= Beginning of Section =
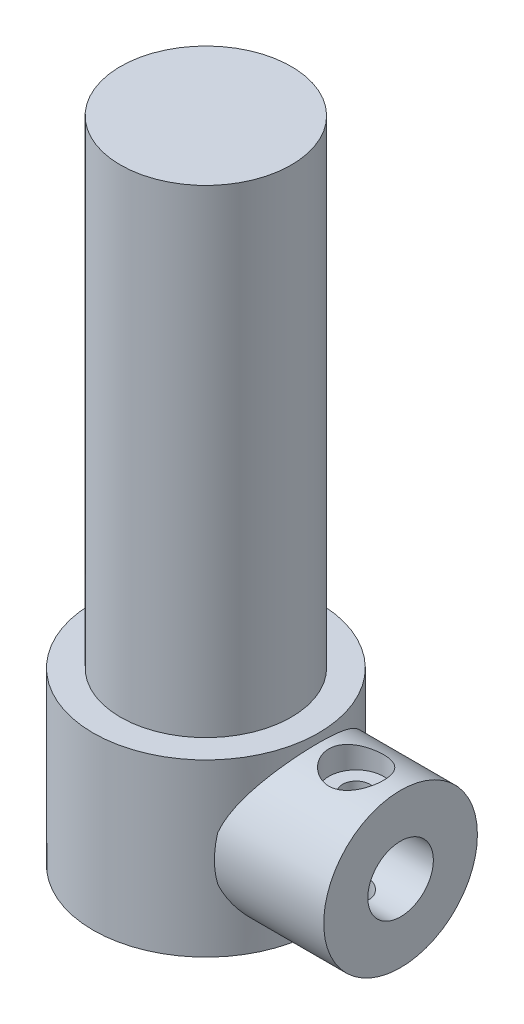
SolidWorks part; units mm, degrees
ref_plane "Plan de face" through (0, 0, 0) normal (0, 0, 1) x (1, 0, 0)
ref_plane "Plan de dessus" through (0, 0, 0) normal (0, 1, 0) x (1, 0, 0)
ref_plane "Plan de droite" through (0, 0, 0) normal (1, 0, 0) x (0, 0, -1)
sketch "Esquisse1" plane through (0, 0, 0) normal (0, 1, 0) x (1, 0, 0)
  circle A0 centre (0, 0) radius 16.5
  dimension "D1" = 33
extrude "Boss.-Extru.1" add sketch "Esquisse1" along normal blind 25
sketch "Esquisse2" plane through (0, 0, 0) normal (0, -1, 0) x (1, 0, 0)
  circle A0 centre (0, 0) radius 4.75
  dimension "D1" = 9.5
ref_plane "Plan1" through (16.5, 0, 0) normal (1, 0, 0) x (0, 0, -1)
sketch "Esquisse9" plane through (16.5, 0, 0) normal (1, 0, 0) x (0, 0, -1)
  line L0 (0, 24.75) -> (0, -24.75) construction
  line L1 (16.5, 25) -> (-16.5, 25) construction
  circle A0 centre (0, 12.5) radius 11.25
  dimension "D1" = 22.5
  dimension "D3" = 12.5
extrude "Boss.-Extru.4" add sketch "Esquisse9" along normal blind 12 and the other way blind 4
sketch "Esquisse10" plane through (28.5, 0, 0) normal (1, 0, 0) x (0, 0, -1)
  line L0 (0, 24.75) -> (0, -24.75) construction
  circle A0 centre (0, 12.5) radius 4.8
  circle A2 centre (0, 12.5) radius 11.25 construction
  dimension "D1" = 9.6
extrude "Enlèv. mat.-Extru.3" cut sketch "Esquisse10" against normal blind 13
ref_plane "Plan2" through (0, 1.25, 0) normal (0, 1, 0) x (1, 0, 0)
ref_plane "Plan3" through (0, 23.75, 0) normal (0, 1, 0) x (1, 0, 0)
ref_plane "Plan4" through (0, 12.5, 0) normal (0, 1, 0) x (1, 0, 0)
sketch "Esquisse11" plane through (0, 1.25, 0) normal (0, 1, 0) x (1, 0, 0)
  line L0 (-24.75, 0) -> (24.75, 0) construction
  line L1 (28.5, -11.25) -> (28.5, 11.25) construction
  circle A0 centre (22, 0) radius 4
  dimension "D1" = 8
  dimension "D2" = 6.5
extrude "Enlèv. mat.-Extru.4" cut sketch "Esquisse11" along normal blind 3.5
sketch "Esquisse12" plane through (0, 4.75, 0) normal (0, -1, 0) x (1, 0, 0)
  circle A0 centre (22, 0) radius 2
  circle A1 centre (22, 0) radius 4 construction
  dimension "4" = 4
extrude "Enlèv. mat.-Extru.5" cut sketch "Esquisse12" against normal up to next
mirror "Symétrie1" about plane through (0, 0, 0) normal (0, 0, 1) of "Enlèv. mat.-Extru.4", "Enlèv. mat.-Extru.5"
sketch "Esquisse13" plane through (0, 25, 0) normal (0, 1, 0) x (1, 0, 0)
  circle A0 centre (0, 0) radius 12.5
  dimension "D1" = 25
extrude "Boss.-Extru.5" add sketch "Esquisse13" along normal blind 70
sketch "Esquisse15" plane through (0, 0, 0) normal (0, -1, 0) x (1, 0, 0)
  circle A0 centre (0, 0) radius 8
  dimension "D1" = 16
extrude "Boss.-Extru.6" add sketch "Esquisse15" along normal blind 1.2
extrude "Enlèv. mat.-Extru.6" cut sketch "Esquisse2" against normal blind 40 and the other way up to next contours A0
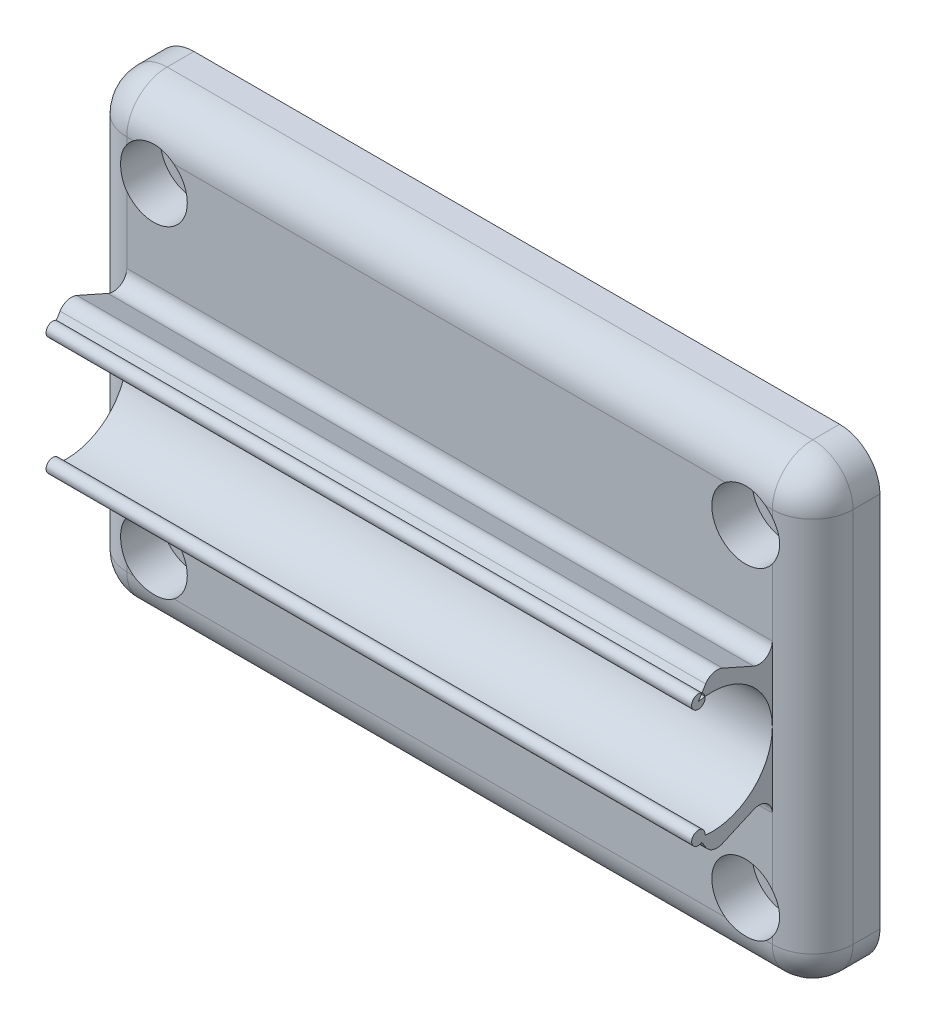
SolidWorks part; units mm, degrees
ref_plane "Front Plane" through (0, 0, 0) normal (0, 0, 1) x (1, 0, 0)
ref_plane "Top Plane" through (0, 0, 0) normal (0, 1, 0) x (1, 0, 0)
ref_plane "Right Plane" through (0, 0, 0) normal (1, 0, 0) x (0, 0, -1)
sketch "Sketch1" plane through (0, 0, 0) normal (0, 0, 1) x (1, 0, 0)
  line L0 (5, 4.776) -> (5, -40.3355) construction
  line L1 (0, 0) -> (54, 0)
  line L2 (0, 0) -> (0, -34)
  line L3 (0, -34) -> (54, -34)
  line L4 (54, 0) -> (54, -34)
  line L5 (49, 4.776) -> (49, -41.3745) construction
  line L6 (-4.4873, -5) -> (65.7343, -5) construction
  line L7 (-5.9593, -29) -> (72.2282, -29) construction
  circle A0 centre (5, -5) radius 1
  circle A1 centre (49, -5) radius 1
  circle A2 centre (49, -29) radius 1
  circle A3 centre (5, -29) radius 1
  dimension "D7" = 2
  dimension "D8" = 2
  dimension "D9" = 2
  dimension "D10" = 2
  dimension "D1" = 54
  dimension "D2" = 34
  dimension "D3" = 5
  dimension "D4" = 5
  dimension "D5" = 5
  dimension "D6" = 5
extrude "Boss-Extrude1" add sketch "Sketch1" along normal blind 5
fillet "Fillet2" radius 3 8 edges at (0, -17, 5) (27, -34, 5) (54, -17, 5) (27, 0, 5) (54, 0, 2.5) (0, 0, 2.5) (0, -34, 2.5) (54, -34, 2.5)
sketch "Sketch2" plane through (0, 0, 5) normal (0, 0, 1) x (1, 0, 0)
  circle A0 centre (5, -5) radius 2.5
  circle A1 centre (5, -29) radius 2.5
  circle A2 centre (49, -29) radius 2.5
  circle A3 centre (49, -5) radius 2.5
  dimension "D1" = 5
  dimension "D2" = 5
  dimension "D3" = 5
  dimension "D4" = 5
extrude "Cut-Extrude1" cut sketch "Sketch2" against normal blind 3
ref_plane "Plane1" through (44, 0, 0) normal (1, 0, 0) x (0, 0, -1)
sketch "Sketch4" plane through (44, 0, 0) normal (1, 0, 0) x (0, 0, -1)
  line L0 (-5, -3) -> (-5, -31) construction
  line L1 (-5, -17) -> (-24.7424, -17) construction
  line L2 (-9.5, -5.6804) -> (-9.5, -33.279) construction
  line L3 (-10.5, -5.6804) -> (-10.5, -29.8067) construction
  line L4 (-6.3908, -13) -> (-3.6958, -13) construction
  line L5 (-5.5486, -21) -> (-3.0895, -21) construction
  line L6 (-10.0626, -11) -> (-8.3109, -11) construction
  line L7 (-10.0626, -23) -> (-8.3109, -23) construction
  line L8 (-10.5, -21.3875) -> (-9.5, -23)
  line L9 (-9.5, -23) -> (-5, -21)
  line L10 (-5, -21) -> (-5, -17)
  line L11 (-10.5, -12.6125) -> (-9.5, -11)
  line L12 (-9.5, -11) -> (-5, -13)
  line L13 (-5, -13) -> (-5, -17)
  arc A0 (-10.5, -21.3875) -> (-10.5, -12.6125) centre (-9.5, -17) ccw
  circle A1 centre (-10.5, -12.6125) radius 0.5
  circle A2 centre (-10.5, -21.3875) radius 0.5
  dimension "D3" = 1
  dimension "D4" = 1
  dimension "D1" = 4.5
  dimension "D2" = 1
  dimension "D5" = 4
  dimension "D6" = 2
  dimension "D7" = 4
  dimension "D8" = 2
  dimension "D9" = 262.157
  dimension "D10" = 262.157
extrude "Boss-Extrude2" add sketch "Sketch4" along normal blind 7 and the other way blind 41 contours A1 A0 L13 L12 L11 | A2 L8 L9 L10 A0 | L11 A1 A0
fillet "Fillet3" radius 1 4 edges at (27, -21, 5) (27, -13, 5) (27, -23, 9.5) (27, -11, 9.5)
= End of Section =
Scan the entries above and work out how many lines include the word "next"; the reply is that number alone.

2